- [What you have to do] Give back exactly the lines of the entries below from the line with "- removed net N$7: J3.1" to the line with "- net INH_V0: no longer IC0.3/CAN-TX/PWM", inclusive, and only those.

---- Data to process

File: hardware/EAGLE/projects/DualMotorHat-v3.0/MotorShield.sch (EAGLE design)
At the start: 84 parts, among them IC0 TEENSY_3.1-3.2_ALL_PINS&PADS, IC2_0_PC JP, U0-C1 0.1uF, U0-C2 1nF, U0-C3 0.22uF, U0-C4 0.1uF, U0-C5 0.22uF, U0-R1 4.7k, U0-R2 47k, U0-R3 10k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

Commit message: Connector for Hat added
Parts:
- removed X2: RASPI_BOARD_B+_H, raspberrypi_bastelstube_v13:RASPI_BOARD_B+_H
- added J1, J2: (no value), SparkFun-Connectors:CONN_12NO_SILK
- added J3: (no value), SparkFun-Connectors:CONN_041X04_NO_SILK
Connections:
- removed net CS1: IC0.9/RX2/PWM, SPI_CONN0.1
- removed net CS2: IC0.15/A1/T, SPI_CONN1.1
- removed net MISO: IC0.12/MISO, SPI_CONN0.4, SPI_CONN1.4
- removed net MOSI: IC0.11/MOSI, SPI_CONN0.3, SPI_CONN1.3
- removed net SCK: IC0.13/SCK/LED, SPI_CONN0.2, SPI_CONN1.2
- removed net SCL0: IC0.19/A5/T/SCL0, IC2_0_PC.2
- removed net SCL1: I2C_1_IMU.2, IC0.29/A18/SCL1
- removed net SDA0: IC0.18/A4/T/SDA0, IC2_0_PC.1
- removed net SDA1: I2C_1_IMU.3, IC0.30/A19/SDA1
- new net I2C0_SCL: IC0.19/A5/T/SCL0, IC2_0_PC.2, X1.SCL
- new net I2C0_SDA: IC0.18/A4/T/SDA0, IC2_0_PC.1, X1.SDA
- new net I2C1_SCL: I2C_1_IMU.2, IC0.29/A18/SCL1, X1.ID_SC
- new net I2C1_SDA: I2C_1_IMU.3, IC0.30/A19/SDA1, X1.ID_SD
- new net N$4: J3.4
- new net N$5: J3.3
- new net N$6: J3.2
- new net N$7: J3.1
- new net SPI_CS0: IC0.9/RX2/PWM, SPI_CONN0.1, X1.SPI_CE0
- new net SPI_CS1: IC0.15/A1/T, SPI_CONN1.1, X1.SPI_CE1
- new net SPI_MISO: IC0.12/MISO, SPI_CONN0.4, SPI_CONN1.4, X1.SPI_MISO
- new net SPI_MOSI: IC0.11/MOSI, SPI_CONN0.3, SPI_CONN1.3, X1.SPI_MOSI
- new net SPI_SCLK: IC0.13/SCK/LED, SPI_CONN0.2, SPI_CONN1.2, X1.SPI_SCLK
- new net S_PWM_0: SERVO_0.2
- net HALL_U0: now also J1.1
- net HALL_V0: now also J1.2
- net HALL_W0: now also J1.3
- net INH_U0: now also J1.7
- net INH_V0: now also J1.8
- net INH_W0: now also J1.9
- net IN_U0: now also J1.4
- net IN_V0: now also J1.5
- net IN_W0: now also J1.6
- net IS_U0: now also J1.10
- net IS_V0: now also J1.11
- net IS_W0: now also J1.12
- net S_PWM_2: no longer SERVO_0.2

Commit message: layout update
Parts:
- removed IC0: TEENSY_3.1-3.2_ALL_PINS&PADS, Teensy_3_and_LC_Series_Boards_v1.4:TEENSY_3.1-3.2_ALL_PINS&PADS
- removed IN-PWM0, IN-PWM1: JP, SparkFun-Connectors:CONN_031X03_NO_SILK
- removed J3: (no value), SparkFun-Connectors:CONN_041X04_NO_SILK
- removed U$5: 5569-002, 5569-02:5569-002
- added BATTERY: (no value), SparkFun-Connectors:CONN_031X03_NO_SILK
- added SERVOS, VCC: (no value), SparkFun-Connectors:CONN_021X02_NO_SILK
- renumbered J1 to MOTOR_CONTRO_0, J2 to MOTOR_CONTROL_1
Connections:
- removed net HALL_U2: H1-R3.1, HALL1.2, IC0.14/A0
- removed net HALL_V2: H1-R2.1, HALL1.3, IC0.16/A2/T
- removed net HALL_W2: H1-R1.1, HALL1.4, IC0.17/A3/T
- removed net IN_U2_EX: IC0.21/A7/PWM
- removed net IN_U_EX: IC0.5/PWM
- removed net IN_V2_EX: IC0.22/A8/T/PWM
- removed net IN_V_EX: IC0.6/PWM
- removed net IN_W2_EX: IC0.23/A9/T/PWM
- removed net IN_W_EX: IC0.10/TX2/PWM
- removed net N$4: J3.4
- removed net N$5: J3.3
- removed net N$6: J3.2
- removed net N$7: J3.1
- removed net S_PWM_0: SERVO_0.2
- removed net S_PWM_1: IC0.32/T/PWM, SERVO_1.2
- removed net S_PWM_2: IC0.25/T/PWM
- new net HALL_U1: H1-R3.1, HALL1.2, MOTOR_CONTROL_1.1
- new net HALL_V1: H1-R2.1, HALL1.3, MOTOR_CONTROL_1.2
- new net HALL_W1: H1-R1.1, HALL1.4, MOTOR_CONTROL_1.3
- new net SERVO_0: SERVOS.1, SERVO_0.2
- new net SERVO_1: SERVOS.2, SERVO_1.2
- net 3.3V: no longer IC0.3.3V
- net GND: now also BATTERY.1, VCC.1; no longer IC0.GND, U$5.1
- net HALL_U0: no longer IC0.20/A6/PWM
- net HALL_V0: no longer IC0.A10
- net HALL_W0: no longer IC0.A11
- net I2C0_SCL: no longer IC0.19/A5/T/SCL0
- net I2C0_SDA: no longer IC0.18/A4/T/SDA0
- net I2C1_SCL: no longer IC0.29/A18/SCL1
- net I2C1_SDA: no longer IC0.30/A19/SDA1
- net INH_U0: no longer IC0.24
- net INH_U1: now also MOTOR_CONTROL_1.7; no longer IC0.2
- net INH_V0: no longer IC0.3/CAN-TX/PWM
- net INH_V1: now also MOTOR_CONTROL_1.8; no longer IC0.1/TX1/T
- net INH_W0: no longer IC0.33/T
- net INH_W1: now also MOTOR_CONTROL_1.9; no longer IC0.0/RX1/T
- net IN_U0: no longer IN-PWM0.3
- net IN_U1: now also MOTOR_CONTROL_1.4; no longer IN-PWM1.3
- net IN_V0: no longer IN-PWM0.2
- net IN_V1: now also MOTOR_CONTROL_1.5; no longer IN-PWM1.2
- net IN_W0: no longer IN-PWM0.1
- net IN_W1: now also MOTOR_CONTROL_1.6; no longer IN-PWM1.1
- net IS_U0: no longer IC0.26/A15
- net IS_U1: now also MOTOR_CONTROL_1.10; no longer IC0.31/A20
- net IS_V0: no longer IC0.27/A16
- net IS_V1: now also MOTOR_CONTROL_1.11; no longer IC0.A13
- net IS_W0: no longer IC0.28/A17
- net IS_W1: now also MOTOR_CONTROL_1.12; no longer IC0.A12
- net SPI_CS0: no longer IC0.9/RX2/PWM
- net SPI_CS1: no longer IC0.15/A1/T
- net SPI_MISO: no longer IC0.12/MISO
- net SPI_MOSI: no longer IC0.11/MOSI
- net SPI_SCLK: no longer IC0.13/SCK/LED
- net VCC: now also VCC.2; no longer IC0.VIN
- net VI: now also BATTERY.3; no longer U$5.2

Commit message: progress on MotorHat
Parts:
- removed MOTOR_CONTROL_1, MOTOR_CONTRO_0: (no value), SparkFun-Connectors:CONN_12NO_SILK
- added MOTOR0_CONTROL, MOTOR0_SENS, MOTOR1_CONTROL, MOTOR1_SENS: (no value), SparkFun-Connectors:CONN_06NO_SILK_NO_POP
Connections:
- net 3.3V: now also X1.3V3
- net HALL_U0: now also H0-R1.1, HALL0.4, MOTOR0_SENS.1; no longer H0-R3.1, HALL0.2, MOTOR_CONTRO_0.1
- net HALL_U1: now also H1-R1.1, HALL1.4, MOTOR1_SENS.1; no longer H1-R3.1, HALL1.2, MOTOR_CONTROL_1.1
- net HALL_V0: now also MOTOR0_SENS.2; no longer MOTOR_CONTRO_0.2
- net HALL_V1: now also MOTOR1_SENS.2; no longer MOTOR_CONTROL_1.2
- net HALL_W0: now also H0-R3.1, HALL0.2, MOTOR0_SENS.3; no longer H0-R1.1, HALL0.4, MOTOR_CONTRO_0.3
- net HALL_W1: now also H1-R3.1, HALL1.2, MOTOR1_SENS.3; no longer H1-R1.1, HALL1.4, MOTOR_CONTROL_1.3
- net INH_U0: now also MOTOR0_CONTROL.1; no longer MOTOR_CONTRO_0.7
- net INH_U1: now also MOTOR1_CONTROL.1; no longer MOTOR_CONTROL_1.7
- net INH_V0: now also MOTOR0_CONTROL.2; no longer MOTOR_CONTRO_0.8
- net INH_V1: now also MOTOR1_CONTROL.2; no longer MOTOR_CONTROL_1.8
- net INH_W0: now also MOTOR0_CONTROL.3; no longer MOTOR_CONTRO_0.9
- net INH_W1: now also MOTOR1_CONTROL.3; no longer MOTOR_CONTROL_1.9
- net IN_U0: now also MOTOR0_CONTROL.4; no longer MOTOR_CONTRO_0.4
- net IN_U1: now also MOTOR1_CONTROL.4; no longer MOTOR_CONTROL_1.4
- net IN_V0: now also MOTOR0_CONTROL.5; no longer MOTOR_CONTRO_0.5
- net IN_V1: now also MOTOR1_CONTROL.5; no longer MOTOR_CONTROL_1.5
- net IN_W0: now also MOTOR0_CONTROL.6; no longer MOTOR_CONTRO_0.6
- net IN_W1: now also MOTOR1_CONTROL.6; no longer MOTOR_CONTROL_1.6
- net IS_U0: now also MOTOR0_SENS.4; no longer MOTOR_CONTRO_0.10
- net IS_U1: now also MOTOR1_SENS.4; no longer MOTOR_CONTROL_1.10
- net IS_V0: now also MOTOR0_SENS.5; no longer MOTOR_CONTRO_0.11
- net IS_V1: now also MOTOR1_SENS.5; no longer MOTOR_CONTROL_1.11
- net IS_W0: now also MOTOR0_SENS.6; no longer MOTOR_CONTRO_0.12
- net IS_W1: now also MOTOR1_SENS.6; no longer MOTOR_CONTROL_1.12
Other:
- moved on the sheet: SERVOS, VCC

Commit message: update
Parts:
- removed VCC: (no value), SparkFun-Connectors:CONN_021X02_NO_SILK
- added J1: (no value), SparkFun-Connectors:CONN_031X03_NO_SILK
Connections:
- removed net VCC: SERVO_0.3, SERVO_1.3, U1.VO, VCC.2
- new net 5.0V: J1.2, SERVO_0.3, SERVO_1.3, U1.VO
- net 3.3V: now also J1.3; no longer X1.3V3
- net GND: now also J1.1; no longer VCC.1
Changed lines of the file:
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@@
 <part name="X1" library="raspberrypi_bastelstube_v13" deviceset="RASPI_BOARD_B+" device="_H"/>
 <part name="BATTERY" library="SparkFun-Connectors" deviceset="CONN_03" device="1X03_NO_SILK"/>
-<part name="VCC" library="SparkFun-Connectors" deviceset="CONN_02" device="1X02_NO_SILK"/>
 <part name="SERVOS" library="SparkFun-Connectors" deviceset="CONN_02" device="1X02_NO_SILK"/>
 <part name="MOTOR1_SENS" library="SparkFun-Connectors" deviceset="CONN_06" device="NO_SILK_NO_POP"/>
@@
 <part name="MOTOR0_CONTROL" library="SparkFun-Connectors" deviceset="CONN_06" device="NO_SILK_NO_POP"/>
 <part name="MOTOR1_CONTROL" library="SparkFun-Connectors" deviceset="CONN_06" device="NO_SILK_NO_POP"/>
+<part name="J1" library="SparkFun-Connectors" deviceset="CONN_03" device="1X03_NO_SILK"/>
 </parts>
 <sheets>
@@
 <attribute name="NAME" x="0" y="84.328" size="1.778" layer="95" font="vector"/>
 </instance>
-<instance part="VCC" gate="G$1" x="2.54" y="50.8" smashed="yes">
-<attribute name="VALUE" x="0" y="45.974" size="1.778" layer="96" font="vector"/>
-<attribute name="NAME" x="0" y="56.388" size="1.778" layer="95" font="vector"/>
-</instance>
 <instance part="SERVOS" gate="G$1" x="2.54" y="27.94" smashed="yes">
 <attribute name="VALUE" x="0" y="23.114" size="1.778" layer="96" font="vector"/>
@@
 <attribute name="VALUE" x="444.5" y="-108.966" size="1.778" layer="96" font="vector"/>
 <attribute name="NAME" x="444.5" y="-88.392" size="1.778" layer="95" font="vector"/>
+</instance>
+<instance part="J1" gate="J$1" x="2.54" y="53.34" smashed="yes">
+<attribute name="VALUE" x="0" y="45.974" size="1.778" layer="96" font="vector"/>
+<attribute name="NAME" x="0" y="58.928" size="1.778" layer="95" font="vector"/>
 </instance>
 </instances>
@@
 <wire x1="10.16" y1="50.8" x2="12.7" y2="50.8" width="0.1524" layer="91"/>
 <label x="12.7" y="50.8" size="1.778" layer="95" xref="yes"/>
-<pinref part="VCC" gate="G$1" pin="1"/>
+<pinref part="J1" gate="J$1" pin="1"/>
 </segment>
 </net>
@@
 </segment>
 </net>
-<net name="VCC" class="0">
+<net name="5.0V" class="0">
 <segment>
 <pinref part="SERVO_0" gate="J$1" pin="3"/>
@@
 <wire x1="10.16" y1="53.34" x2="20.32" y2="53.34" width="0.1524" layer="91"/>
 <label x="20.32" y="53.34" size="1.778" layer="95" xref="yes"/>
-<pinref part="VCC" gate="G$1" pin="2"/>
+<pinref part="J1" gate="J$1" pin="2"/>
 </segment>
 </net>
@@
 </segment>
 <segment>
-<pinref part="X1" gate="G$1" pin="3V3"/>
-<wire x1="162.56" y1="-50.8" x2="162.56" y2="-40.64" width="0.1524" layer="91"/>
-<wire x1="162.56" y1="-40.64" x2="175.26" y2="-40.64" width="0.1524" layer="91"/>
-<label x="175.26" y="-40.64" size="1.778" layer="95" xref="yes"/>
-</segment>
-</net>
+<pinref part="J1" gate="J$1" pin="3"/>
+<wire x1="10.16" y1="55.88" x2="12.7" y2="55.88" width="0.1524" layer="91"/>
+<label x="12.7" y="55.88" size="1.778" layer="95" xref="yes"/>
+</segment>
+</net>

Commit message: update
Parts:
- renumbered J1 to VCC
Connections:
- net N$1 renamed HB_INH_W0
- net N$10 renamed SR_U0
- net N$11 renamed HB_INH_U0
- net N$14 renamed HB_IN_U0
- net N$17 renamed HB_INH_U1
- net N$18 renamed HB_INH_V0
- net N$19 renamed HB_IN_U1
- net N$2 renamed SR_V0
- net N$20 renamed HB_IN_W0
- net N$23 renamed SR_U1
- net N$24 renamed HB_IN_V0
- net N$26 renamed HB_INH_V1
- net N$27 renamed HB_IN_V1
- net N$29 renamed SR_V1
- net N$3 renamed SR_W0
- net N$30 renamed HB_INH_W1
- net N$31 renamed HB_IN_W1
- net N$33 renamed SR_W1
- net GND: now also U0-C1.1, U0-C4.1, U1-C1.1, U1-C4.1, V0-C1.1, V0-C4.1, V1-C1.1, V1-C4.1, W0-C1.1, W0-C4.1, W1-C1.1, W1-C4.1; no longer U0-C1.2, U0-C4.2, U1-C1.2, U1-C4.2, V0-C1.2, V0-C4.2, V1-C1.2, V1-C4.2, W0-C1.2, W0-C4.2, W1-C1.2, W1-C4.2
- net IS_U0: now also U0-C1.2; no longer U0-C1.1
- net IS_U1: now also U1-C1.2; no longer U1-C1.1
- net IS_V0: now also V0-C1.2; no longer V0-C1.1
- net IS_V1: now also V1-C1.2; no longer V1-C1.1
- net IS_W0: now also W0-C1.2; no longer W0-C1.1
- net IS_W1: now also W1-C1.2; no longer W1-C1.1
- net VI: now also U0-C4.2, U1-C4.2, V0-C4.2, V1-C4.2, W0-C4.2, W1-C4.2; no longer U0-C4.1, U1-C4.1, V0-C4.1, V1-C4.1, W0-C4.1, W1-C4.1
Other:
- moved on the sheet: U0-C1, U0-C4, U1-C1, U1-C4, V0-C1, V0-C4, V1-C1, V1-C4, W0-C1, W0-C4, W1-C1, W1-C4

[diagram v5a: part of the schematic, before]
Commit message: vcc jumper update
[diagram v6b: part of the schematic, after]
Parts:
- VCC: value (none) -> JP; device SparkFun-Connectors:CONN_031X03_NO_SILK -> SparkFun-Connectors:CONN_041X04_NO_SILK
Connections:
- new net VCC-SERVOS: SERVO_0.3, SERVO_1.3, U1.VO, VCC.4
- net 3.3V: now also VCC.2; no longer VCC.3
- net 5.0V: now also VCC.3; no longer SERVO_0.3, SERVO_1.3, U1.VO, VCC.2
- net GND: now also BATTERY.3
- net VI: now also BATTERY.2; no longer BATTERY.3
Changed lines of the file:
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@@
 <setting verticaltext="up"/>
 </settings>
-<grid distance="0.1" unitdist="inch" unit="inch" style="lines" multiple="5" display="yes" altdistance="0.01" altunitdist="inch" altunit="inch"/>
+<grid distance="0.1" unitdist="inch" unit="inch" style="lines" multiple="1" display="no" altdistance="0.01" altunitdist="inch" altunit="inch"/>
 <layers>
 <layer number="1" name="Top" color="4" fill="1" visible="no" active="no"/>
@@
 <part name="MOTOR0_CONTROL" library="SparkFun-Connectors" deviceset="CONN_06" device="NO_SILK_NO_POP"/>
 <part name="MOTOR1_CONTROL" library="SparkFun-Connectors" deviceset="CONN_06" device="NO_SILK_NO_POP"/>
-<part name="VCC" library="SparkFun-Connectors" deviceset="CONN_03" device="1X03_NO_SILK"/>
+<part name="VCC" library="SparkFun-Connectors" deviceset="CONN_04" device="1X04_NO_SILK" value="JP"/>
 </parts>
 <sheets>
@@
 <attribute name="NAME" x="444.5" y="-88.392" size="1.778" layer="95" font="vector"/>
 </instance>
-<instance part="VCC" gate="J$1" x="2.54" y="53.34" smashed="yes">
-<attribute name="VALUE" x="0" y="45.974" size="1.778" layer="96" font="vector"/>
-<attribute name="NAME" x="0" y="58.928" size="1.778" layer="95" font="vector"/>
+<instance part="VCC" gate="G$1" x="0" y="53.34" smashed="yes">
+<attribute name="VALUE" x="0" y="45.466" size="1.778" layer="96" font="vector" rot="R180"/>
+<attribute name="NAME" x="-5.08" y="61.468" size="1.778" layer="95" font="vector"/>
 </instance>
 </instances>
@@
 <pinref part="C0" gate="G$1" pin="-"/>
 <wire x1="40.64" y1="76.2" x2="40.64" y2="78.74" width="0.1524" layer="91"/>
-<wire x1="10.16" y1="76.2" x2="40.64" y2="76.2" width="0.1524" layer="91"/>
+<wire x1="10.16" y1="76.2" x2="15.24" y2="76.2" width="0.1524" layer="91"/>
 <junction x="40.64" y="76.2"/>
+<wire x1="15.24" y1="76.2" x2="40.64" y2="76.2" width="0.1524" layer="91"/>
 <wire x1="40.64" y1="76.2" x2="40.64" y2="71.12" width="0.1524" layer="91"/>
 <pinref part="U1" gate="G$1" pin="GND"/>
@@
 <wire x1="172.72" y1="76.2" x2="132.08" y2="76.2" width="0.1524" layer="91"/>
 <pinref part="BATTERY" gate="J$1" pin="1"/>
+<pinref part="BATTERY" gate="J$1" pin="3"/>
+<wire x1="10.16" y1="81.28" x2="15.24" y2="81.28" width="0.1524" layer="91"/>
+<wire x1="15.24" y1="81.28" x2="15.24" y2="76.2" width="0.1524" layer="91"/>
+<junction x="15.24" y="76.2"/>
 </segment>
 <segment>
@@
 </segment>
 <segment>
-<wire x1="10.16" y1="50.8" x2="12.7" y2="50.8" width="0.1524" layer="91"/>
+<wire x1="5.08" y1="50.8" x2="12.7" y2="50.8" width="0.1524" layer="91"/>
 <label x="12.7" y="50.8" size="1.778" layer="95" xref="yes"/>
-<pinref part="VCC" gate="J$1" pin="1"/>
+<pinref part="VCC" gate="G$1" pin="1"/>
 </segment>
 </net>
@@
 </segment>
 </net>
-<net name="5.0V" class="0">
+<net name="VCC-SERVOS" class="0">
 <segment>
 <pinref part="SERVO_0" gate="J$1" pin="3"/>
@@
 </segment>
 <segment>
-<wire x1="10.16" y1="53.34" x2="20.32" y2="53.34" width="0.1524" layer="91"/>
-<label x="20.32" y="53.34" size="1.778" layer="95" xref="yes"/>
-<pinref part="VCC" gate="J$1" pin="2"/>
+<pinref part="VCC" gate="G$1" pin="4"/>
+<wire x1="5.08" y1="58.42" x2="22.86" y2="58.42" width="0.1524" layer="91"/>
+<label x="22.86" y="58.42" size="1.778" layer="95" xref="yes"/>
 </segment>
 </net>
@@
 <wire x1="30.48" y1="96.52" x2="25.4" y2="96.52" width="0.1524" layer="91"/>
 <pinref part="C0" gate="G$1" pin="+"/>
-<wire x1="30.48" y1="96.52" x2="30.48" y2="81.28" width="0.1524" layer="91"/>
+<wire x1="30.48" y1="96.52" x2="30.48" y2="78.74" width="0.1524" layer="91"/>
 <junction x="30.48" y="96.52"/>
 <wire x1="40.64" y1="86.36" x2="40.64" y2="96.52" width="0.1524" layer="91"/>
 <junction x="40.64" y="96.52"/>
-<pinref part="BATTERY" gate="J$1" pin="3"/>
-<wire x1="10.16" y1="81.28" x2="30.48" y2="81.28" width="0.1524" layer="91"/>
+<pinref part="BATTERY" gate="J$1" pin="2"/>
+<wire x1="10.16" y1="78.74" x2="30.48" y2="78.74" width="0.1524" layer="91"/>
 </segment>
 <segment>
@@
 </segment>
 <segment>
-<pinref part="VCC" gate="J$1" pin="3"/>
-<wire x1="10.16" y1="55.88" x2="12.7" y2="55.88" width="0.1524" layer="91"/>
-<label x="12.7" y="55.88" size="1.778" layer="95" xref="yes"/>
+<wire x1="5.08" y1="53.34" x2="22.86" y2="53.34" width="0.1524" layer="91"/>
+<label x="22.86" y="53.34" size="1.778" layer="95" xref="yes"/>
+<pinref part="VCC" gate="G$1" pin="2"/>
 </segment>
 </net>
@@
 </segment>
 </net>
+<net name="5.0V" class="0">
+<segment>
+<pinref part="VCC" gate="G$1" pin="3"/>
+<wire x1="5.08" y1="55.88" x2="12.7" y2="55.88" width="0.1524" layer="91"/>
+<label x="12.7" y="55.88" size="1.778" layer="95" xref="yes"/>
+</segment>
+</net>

--------

- [Result]
- removed net N$7: J3.1
- removed net S_PWM_0: SERVO_0.2
- removed net S_PWM_1: IC0.32/T/PWM, SERVO_1.2
- removed net S_PWM_2: IC0.25/T/PWM
- new net HALL_U1: H1-R3.1, HALL1.2, MOTOR_CONTROL_1.1
- new net HALL_V1: H1-R2.1, HALL1.3, MOTOR_CONTROL_1.2
- new net HALL_W1: H1-R1.1, HALL1.4, MOTOR_CONTROL_1.3
- new net SERVO_0: SERVOS.1, SERVO_0.2
- new net SERVO_1: SERVOS.2, SERVO_1.2
- net 3.3V: no longer IC0.3.3V
- net GND: now also BATTERY.1, VCC.1; no longer IC0.GND, U$5.1
- net HALL_U0: no longer IC0.20/A6/PWM
- net HALL_V0: no longer IC0.A10
- net HALL_W0: no longer IC0.A11
- net I2C0_SCL: no longer IC0.19/A5/T/SCL0
- net I2C0_SDA: no longer IC0.18/A4/T/SDA0
- net I2C1_SCL: no longer IC0.29/A18/SCL1
- net I2C1_SDA: no longer IC0.30/A19/SDA1
- net INH_U0: no longer IC0.24
- net INH_U1: now also MOTOR_CONTROL_1.7; no longer IC0.2
- net INH_V0: no longer IC0.3/CAN-TX/PWM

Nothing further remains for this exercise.